═══ Data provided ═══

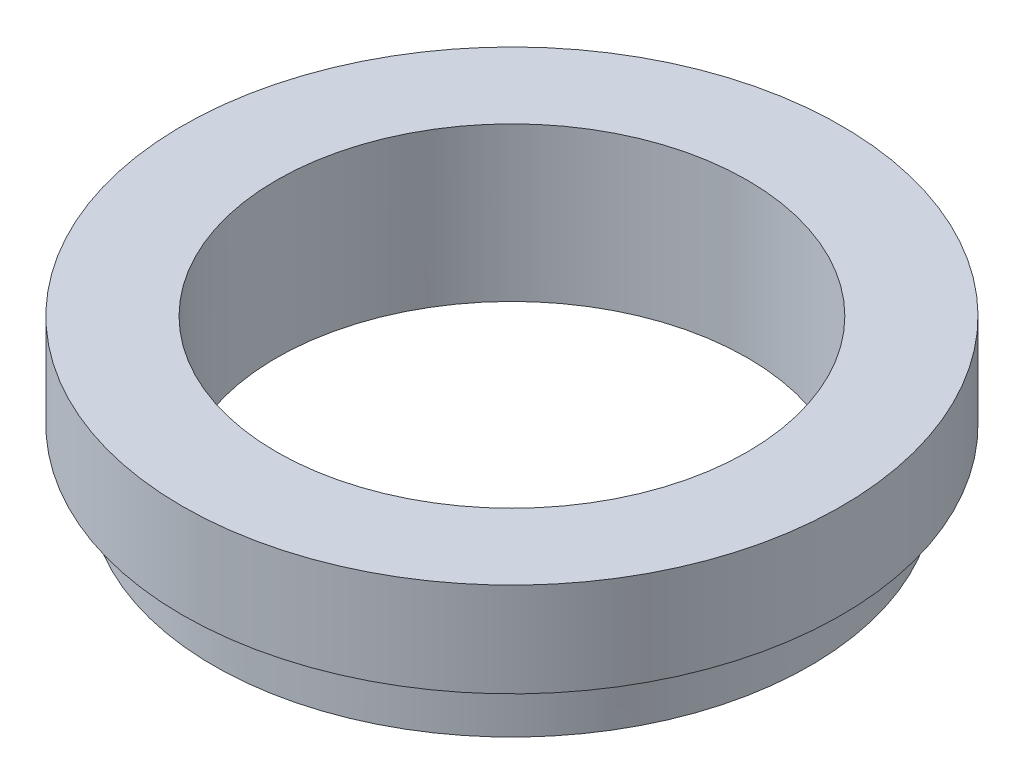
ISO-10303-21;
HEADER;
FILE_DESCRIPTION(('STEP AP214'),'2;1');
FILE_NAME('part.step','',(''),(''),'','','');
FILE_SCHEMA(('AUTOMOTIVE_DESIGN { 1 0 10303 214 1 1 1 1 }'));
ENDSEC;
DATA;
#1=APPLICATION_CONTEXT('core data for automotive mechanical design processes');
#2=APPLICATION_PROTOCOL_DEFINITION('international standard','automotive_design',2000,#1);
#3=PRODUCT_CONTEXT('',#1,'mechanical');
#4=PRODUCT('Part','Part','',(#3));
#5=PRODUCT_RELATED_PRODUCT_CATEGORY('part','',(#4));
#6=PRODUCT_DEFINITION_FORMATION('','',#4);
#7=PRODUCT_DEFINITION_CONTEXT('part definition',#1,'design');
#8=PRODUCT_DEFINITION('design','',#6,#7);
#9=PRODUCT_DEFINITION_SHAPE('','',#8);
#10=(LENGTH_UNIT() NAMED_UNIT(*) SI_UNIT(.MILLI.,.METRE.));
#11=(NAMED_UNIT(*) PLANE_ANGLE_UNIT() SI_UNIT($,.RADIAN.));
#12=(NAMED_UNIT(*) SI_UNIT($,.STERADIAN.) SOLID_ANGLE_UNIT());
#13=UNCERTAINTY_MEASURE_WITH_UNIT(LENGTH_MEASURE(1.E-05),#10,'distance_accuracy_value','');
#14=(GEOMETRIC_REPRESENTATION_CONTEXT(3) GLOBAL_UNCERTAINTY_ASSIGNED_CONTEXT((#13)) GLOBAL_UNIT_ASSIGNED_CONTEXT((#10,
#11,#12)) REPRESENTATION_CONTEXT('',''));
#15=CARTESIAN_POINT('',(0.,0.,0.));
#16=DIRECTION('',(0.,0.,1.));
#17=DIRECTION('',(1.,0.,0.));
#18=AXIS2_PLACEMENT_3D('',#15,#16,#17);
#19=CARTESIAN_POINT('',(0.,5.,0.));
#20=DIRECTION('',(0.,-1.,0.));
#21=DIRECTION('',(0.,0.,-1.));
#22=AXIS2_PLACEMENT_3D('',#19,#20,#21);
#23=CYLINDRICAL_SURFACE('',#22,9.5);
#24=CARTESIAN_POINT('',(0.,2.,0.));
#25=DIRECTION('',(0.,1.,0.));
#26=DIRECTION('',(0.,0.,1.));
#27=AXIS2_PLACEMENT_3D('',#24,#25,#26);
#28=CIRCLE('',#27,9.5);
#29=CARTESIAN_POINT('',(0.,2.,9.5));
#30=VERTEX_POINT('',#29);
#31=EDGE_CURVE('E10',#30,#30,#28,.T.);
#32=ORIENTED_EDGE('',*,*,#31,.F.);
#33=EDGE_LOOP('',(#32));
#34=FACE_BOUND('',#33,.T.);
#35=CARTESIAN_POINT('',(0.,0.1,0.));
#36=DIRECTION('',(0.,-1.,0.));
#37=DIRECTION('',(0.,0.,-1.));
#38=AXIS2_PLACEMENT_3D('',#35,#36,#37);
#39=CIRCLE('',#38,9.5);
#40=CARTESIAN_POINT('',(0.,0.1,-9.5));
#41=VERTEX_POINT('',#40);
#42=EDGE_CURVE('E54',#41,#41,#39,.T.);
#43=ORIENTED_EDGE('',*,*,#42,.F.);
#44=EDGE_LOOP('',(#43));
#45=FACE_BOUND('',#44,.T.);
#46=ADVANCED_FACE('F35',(#34,#45),#23,.T.);
#47=CARTESIAN_POINT('',(0.,5.,0.));
#48=DIRECTION('',(0.,-1.,0.));
#49=DIRECTION('',(0.,0.,-1.));
#50=AXIS2_PLACEMENT_3D('',#47,#48,#49);
#51=CYLINDRICAL_SURFACE('',#50,7.5);
#52=CARTESIAN_POINT('',(0.,5.,0.));
#53=DIRECTION('',(0.,1.,0.));
#54=DIRECTION('',(0.,0.,1.));
#55=AXIS2_PLACEMENT_3D('',#52,#53,#54);
#56=CIRCLE('',#55,7.5);
#57=CARTESIAN_POINT('',(0.,5.,7.5));
#58=VERTEX_POINT('',#57);
#59=EDGE_CURVE('E42',#58,#58,#56,.T.);
#60=ORIENTED_EDGE('',*,*,#59,.T.);
#61=EDGE_LOOP('',(#60));
#62=FACE_BOUND('',#61,.T.);
#63=CARTESIAN_POINT('',(0.,0.1,0.));
#64=DIRECTION('',(0.,-1.,0.));
#65=DIRECTION('',(0.,0.,-1.));
#66=AXIS2_PLACEMENT_3D('',#63,#64,#65);
#67=CIRCLE('',#66,7.5);
#68=CARTESIAN_POINT('',(0.,0.1,-7.5));
#69=VERTEX_POINT('',#68);
#70=EDGE_CURVE('E38',#69,#69,#67,.T.);
#71=ORIENTED_EDGE('',*,*,#70,.T.);
#72=EDGE_LOOP('',(#71));
#73=FACE_BOUND('',#72,.T.);
#74=ADVANCED_FACE('F61',(#62,#73),#51,.F.);
#75=CARTESIAN_POINT('',(0.,5.,0.));
#76=DIRECTION('',(0.,1.,0.));
#77=DIRECTION('',(0.,0.,1.));
#78=AXIS2_PLACEMENT_3D('',#75,#76,#77);
#79=PLANE('',#78);
#80=ORIENTED_EDGE('',*,*,#59,.F.);
#81=EDGE_LOOP('',(#80));
#82=FACE_BOUND('',#81,.T.);
#83=CARTESIAN_POINT('',(0.,5.,0.));
#84=DIRECTION('',(0.,1.,0.));
#85=DIRECTION('',(0.,0.,1.));
#86=AXIS2_PLACEMENT_3D('',#83,#84,#85);
#87=CIRCLE('',#86,10.5);
#88=CARTESIAN_POINT('',(0.,5.,10.5));
#89=VERTEX_POINT('',#88);
#90=EDGE_CURVE('E49',#89,#89,#87,.T.);
#91=ORIENTED_EDGE('',*,*,#90,.T.);
#92=EDGE_LOOP('',(#91));
#93=FACE_BOUND('',#92,.T.);
#94=ADVANCED_FACE('F78',(#82,#93),#79,.T.);
#95=CARTESIAN_POINT('',(0.,2.,0.));
#96=DIRECTION('',(0.,1.,0.));
#97=DIRECTION('',(0.,0.,1.));
#98=AXIS2_PLACEMENT_3D('',#95,#96,#97);
#99=CYLINDRICAL_SURFACE('',#98,10.5);
#100=CARTESIAN_POINT('',(0.,2.,0.));
#101=DIRECTION('',(0.,1.,0.));
#102=DIRECTION('',(0.,0.,1.));
#103=AXIS2_PLACEMENT_3D('',#100,#101,#102);
#104=CIRCLE('',#103,10.5);
#105=CARTESIAN_POINT('',(0.,2.,10.5));
#106=VERTEX_POINT('',#105);
#107=EDGE_CURVE('E46',#106,#106,#104,.T.);
#108=ORIENTED_EDGE('',*,*,#107,.T.);
#109=EDGE_LOOP('',(#108));
#110=FACE_BOUND('',#109,.T.);
#111=ORIENTED_EDGE('',*,*,#90,.F.);
#112=EDGE_LOOP('',(#111));
#113=FACE_BOUND('',#112,.T.);
#114=ADVANCED_FACE('F71',(#110,#113),#99,.T.);
#115=CARTESIAN_POINT('',(0.,2.,0.));
#116=DIRECTION('',(0.,1.,0.));
#117=DIRECTION('',(0.,0.,1.));
#118=AXIS2_PLACEMENT_3D('',#115,#116,#117);
#119=PLANE('',#118);
#120=ORIENTED_EDGE('',*,*,#31,.T.);
#121=EDGE_LOOP('',(#120));
#122=FACE_BOUND('',#121,.T.);
#123=ORIENTED_EDGE('',*,*,#107,.F.);
#124=EDGE_LOOP('',(#123));
#125=FACE_BOUND('',#124,.T.);
#126=ADVANCED_FACE('F65',(#122,#125),#119,.F.);
#127=CARTESIAN_POINT('',(0.,0.1,0.));
#128=DIRECTION('',(0.,-1.,0.));
#129=DIRECTION('',(0.,0.,-1.));
#130=AXIS2_PLACEMENT_3D('',#127,#128,#129);
#131=PLANE('',#130);
#132=ORIENTED_EDGE('',*,*,#70,.F.);
#133=EDGE_LOOP('',(#132));
#134=FACE_BOUND('',#133,.T.);
#135=ORIENTED_EDGE('',*,*,#42,.T.);
#136=EDGE_LOOP('',(#135));
#137=FACE_BOUND('',#136,.T.);
#138=ADVANCED_FACE('F63',(#134,#137),#131,.T.);
#139=CLOSED_SHELL('',(#46,#74,#94,#114,#126,#138));
#140=MANIFOLD_SOLID_BREP('B2',#139);
#141=ADVANCED_BREP_SHAPE_REPRESENTATION('',(#18,#140),#14);
#142=SHAPE_DEFINITION_REPRESENTATION(#9,#141);
ENDSEC;
END-ISO-10303-21;

═══

▶ How to complete this task
Reproduce verbatim the lines above, from the line with "#86=AXIS2_PLACEMENT_3D('',#83,#84,#85);" through the line with "#97=DIRECTION('',(0.,0.,1.));".

▶ Solution
#86=AXIS2_PLACEMENT_3D('',#83,#84,#85);
#87=CIRCLE('',#86,10.5);
#88=CARTESIAN_POINT('',(0.,5.,10.5));
#89=VERTEX_POINT('',#88);
#90=EDGE_CURVE('E49',#89,#89,#87,.T.);
#91=ORIENTED_EDGE('',*,*,#90,.T.);
#92=EDGE_LOOP('',(#91));
#93=FACE_BOUND('',#92,.T.);
#94=ADVANCED_FACE('F78',(#82,#93),#79,.T.);
#95=CARTESIAN_POINT('',(0.,2.,0.));
#96=DIRECTION('',(0.,1.,0.));
#97=DIRECTION('',(0.,0.,1.));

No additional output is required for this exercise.